WHAT IS NEEDED
Only the lines holding "settings" are wanted. Copy every one from the records below.

Stored dataset items:
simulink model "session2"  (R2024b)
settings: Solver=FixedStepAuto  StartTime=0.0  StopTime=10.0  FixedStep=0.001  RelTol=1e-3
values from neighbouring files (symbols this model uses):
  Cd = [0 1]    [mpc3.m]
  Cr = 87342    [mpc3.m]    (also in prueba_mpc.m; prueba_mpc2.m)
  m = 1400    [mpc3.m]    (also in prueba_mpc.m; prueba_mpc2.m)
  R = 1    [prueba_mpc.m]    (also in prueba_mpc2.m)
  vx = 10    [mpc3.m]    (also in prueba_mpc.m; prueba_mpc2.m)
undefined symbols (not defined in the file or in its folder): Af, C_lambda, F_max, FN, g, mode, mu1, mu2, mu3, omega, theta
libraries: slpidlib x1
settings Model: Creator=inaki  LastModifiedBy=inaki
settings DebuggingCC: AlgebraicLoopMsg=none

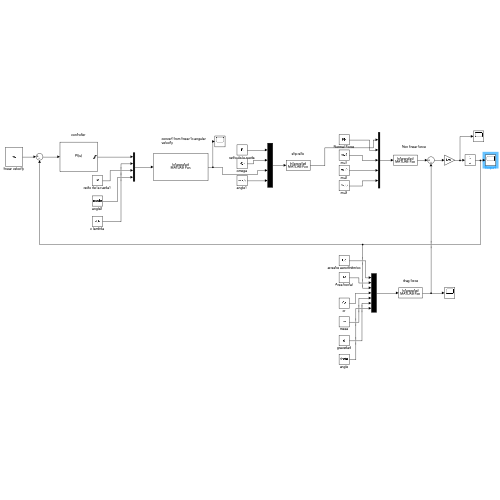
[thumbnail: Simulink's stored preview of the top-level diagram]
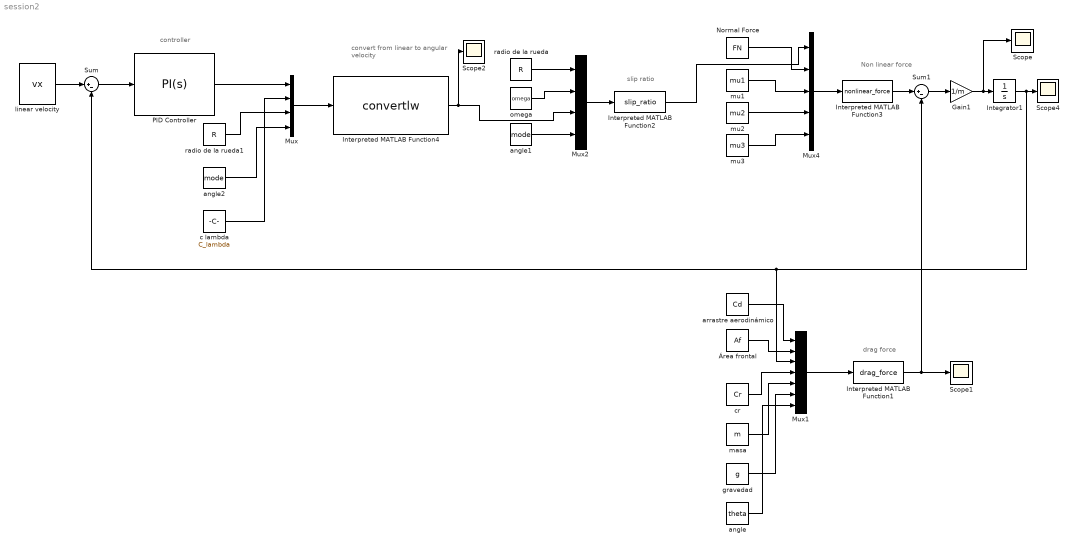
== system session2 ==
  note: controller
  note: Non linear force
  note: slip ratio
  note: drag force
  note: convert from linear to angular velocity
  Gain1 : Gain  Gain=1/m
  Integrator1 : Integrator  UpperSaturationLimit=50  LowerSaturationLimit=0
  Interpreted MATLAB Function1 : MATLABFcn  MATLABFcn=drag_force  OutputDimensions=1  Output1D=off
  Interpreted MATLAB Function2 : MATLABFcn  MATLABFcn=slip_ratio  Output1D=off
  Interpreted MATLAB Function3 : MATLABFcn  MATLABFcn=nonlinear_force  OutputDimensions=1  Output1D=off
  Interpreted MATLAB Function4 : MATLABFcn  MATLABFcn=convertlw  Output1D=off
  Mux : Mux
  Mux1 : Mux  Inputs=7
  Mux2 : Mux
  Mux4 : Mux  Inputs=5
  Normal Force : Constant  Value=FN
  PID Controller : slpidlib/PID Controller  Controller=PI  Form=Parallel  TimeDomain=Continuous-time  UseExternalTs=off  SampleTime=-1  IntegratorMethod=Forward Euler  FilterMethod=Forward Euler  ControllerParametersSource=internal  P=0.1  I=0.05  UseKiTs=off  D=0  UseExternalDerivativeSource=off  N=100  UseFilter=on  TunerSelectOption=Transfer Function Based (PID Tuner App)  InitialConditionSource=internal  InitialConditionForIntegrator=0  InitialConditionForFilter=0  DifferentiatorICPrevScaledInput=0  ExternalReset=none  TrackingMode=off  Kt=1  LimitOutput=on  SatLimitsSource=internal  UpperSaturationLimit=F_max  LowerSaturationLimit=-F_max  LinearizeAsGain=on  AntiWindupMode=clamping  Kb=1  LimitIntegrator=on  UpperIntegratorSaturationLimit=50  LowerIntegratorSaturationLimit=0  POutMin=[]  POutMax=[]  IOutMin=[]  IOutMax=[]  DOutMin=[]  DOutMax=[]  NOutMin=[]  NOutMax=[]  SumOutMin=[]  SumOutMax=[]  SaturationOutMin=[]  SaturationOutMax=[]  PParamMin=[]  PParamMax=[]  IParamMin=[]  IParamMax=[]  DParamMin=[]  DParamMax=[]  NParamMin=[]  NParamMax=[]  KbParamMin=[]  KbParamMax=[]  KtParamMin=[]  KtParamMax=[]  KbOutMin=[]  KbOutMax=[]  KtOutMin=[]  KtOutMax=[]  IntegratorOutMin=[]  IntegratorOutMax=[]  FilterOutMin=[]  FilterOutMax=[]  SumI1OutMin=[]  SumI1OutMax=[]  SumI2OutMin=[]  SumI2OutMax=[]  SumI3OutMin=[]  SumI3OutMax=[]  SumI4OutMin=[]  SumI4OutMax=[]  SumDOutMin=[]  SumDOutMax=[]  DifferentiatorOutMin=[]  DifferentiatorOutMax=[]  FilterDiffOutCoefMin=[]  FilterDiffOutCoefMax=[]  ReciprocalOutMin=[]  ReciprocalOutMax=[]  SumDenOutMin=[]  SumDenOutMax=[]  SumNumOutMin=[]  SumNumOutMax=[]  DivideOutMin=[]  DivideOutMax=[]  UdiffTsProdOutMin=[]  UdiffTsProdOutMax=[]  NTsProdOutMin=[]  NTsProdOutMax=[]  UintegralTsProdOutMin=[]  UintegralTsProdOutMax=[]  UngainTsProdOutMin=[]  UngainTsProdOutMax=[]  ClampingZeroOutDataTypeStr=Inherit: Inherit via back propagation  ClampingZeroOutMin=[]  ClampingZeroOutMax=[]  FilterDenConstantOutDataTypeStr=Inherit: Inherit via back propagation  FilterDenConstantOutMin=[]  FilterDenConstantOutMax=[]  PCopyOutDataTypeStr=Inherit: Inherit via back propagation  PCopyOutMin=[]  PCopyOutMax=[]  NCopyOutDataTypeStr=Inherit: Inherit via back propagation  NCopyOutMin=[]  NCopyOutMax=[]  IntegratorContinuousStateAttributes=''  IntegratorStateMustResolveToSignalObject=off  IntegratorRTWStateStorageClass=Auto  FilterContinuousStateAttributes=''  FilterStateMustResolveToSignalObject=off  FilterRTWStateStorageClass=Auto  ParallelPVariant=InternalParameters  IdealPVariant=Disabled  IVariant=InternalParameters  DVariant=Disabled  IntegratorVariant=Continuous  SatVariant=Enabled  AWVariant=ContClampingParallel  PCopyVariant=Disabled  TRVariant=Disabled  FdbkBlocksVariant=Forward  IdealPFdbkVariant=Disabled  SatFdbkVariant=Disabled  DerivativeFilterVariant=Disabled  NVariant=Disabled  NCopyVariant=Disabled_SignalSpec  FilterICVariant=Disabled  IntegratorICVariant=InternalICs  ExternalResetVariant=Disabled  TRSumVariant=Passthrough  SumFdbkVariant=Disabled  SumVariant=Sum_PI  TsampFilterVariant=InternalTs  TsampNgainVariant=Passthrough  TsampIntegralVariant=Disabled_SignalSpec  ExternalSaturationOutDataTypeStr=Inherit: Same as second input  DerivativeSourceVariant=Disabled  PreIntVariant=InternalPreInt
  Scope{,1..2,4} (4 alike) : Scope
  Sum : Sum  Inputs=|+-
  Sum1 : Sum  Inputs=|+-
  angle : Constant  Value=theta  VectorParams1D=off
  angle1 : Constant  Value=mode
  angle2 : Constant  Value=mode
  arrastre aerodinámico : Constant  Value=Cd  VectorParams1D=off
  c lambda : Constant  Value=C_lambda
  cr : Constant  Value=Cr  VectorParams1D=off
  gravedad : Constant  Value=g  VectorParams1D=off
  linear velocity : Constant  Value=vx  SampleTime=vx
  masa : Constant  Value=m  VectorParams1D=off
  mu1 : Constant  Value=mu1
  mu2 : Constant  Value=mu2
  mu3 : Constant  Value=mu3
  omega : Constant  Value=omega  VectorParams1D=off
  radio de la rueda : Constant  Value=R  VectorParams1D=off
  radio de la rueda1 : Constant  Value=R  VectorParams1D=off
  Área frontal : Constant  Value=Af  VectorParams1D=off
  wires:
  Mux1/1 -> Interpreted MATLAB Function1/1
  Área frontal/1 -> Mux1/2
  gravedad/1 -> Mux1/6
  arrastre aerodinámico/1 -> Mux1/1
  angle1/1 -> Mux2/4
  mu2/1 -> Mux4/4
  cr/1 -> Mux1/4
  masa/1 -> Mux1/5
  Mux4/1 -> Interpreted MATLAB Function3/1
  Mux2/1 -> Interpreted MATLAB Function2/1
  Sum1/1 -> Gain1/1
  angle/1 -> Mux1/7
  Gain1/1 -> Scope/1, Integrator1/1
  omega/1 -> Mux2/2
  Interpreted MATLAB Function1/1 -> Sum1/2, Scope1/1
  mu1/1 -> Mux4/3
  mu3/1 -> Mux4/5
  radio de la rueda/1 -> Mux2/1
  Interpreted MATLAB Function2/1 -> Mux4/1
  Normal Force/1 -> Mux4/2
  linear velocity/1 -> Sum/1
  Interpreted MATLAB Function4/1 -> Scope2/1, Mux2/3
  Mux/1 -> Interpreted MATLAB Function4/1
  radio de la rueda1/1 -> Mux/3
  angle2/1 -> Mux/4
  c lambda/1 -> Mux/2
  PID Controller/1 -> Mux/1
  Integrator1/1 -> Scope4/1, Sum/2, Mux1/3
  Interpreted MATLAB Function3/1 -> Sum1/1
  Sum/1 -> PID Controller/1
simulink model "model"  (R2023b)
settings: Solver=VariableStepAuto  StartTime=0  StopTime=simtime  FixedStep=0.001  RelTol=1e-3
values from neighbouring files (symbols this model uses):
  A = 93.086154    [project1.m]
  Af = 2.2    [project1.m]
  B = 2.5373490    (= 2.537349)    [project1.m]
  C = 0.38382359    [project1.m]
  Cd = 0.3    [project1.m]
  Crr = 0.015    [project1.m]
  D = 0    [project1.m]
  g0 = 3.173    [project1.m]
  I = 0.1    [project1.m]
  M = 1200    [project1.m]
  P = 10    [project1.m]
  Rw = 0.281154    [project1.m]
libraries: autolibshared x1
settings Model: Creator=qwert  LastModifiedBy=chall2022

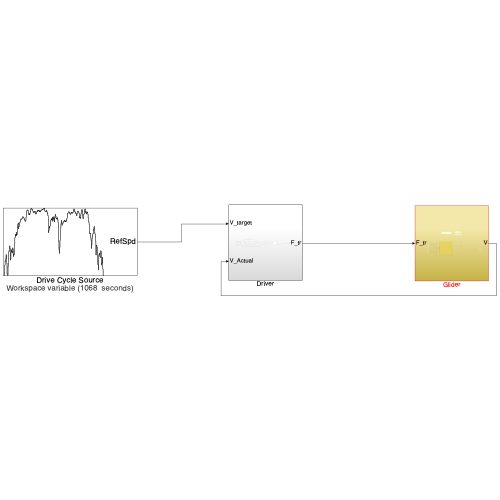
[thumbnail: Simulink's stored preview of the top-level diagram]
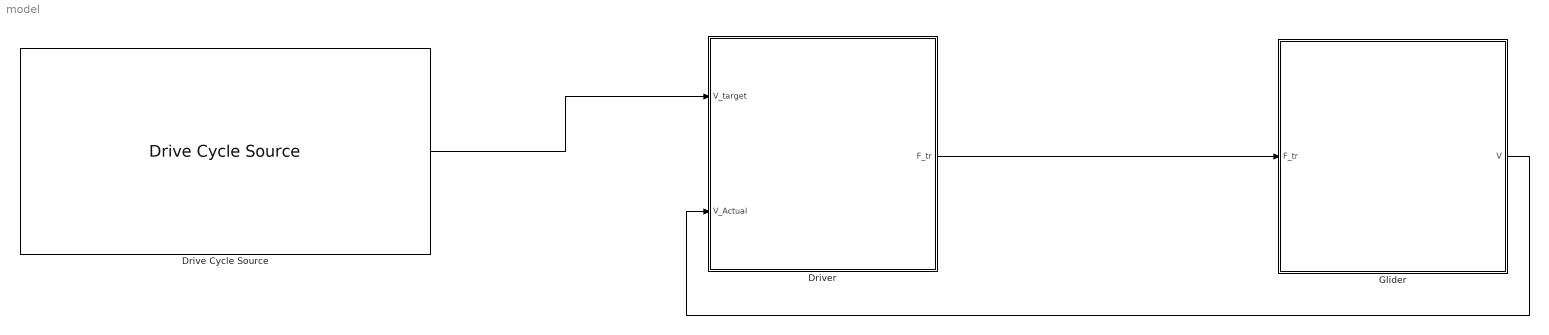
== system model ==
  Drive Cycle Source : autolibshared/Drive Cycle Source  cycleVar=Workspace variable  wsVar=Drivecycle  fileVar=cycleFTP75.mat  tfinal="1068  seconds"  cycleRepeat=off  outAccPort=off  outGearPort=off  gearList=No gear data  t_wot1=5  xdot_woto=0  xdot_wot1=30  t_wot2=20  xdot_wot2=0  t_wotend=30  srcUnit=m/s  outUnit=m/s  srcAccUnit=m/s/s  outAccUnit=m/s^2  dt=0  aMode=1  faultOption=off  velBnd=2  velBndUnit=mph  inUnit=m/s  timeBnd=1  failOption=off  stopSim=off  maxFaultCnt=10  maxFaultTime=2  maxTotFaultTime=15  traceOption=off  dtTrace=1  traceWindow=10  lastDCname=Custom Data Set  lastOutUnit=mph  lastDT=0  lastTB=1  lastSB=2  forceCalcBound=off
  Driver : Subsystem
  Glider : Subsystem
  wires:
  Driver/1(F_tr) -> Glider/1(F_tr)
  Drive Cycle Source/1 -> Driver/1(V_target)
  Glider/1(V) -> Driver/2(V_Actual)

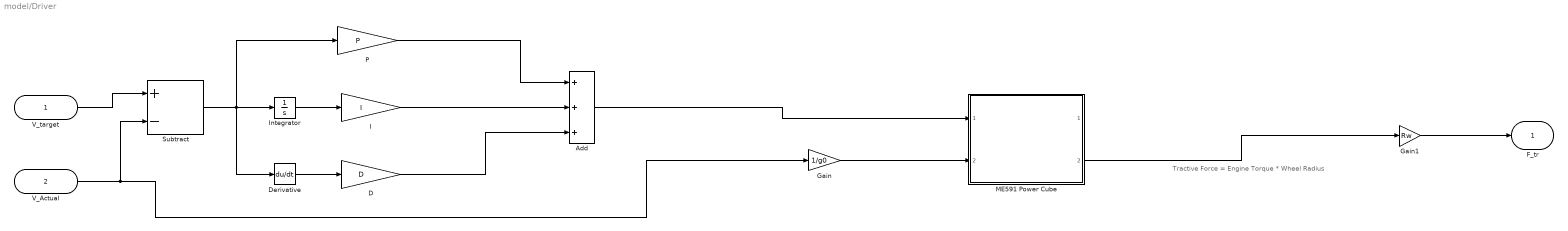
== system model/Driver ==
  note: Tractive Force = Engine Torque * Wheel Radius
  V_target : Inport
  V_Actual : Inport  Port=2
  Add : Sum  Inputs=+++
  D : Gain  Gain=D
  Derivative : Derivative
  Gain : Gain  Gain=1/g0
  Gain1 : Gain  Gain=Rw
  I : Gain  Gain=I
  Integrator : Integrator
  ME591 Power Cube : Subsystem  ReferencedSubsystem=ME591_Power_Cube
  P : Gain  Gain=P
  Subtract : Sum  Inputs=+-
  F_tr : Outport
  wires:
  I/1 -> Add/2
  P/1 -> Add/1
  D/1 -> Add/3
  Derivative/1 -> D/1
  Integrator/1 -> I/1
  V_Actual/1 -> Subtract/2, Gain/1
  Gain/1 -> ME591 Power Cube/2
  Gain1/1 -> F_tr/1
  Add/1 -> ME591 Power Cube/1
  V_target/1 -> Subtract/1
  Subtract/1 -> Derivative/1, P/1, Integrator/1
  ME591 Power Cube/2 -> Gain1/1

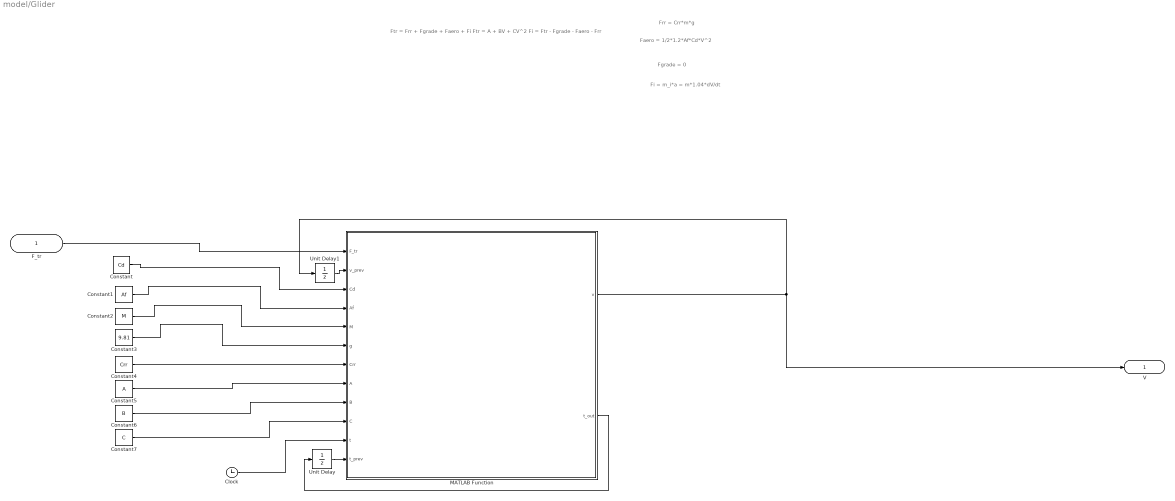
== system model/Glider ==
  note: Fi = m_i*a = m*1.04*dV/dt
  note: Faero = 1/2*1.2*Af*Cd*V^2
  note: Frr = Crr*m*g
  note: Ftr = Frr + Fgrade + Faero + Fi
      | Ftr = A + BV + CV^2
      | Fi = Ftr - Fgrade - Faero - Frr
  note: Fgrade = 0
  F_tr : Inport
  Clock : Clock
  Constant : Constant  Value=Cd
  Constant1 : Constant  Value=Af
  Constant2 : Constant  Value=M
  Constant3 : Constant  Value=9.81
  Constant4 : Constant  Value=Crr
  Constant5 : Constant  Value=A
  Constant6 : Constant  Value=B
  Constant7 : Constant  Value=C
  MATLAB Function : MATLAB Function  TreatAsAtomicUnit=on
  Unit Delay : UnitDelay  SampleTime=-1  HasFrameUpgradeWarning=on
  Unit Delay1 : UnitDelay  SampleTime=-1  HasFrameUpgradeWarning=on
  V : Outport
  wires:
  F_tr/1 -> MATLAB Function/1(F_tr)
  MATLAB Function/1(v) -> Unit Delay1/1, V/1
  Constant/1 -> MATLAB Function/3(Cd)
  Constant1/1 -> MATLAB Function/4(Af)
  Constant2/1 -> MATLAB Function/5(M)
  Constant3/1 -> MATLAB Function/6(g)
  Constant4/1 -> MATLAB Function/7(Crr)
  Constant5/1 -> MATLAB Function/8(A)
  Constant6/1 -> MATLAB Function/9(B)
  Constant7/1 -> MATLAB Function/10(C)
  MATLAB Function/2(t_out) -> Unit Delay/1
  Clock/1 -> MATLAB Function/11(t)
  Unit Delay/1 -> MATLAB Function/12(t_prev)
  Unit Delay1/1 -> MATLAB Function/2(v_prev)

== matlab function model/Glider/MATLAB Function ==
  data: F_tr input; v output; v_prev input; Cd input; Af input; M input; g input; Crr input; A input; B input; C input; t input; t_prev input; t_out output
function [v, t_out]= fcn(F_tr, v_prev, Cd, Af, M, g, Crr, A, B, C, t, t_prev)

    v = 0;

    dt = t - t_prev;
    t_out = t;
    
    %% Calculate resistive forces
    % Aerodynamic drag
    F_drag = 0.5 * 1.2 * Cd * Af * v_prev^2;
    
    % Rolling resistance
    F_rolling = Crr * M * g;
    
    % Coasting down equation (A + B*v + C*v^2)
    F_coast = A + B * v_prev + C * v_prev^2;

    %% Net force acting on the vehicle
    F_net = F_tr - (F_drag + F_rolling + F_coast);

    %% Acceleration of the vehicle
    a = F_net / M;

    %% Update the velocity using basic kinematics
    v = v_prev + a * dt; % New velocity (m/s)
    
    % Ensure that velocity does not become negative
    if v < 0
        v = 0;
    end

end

ANSWER BELOW
settings: Solver=FixedStepAuto  StartTime=0.0  StopTime=10.0  FixedStep=0.001  RelTol=1e-3
settings Model: Creator=inaki  LastModifiedBy=inaki
settings DebuggingCC: AlgebraicLoopMsg=none
settings: Solver=VariableStepAuto  StartTime=0  StopTime=simtime  FixedStep=0.001  RelTol=1e-3
settings Model: Creator=qwert  LastModifiedBy=chall2022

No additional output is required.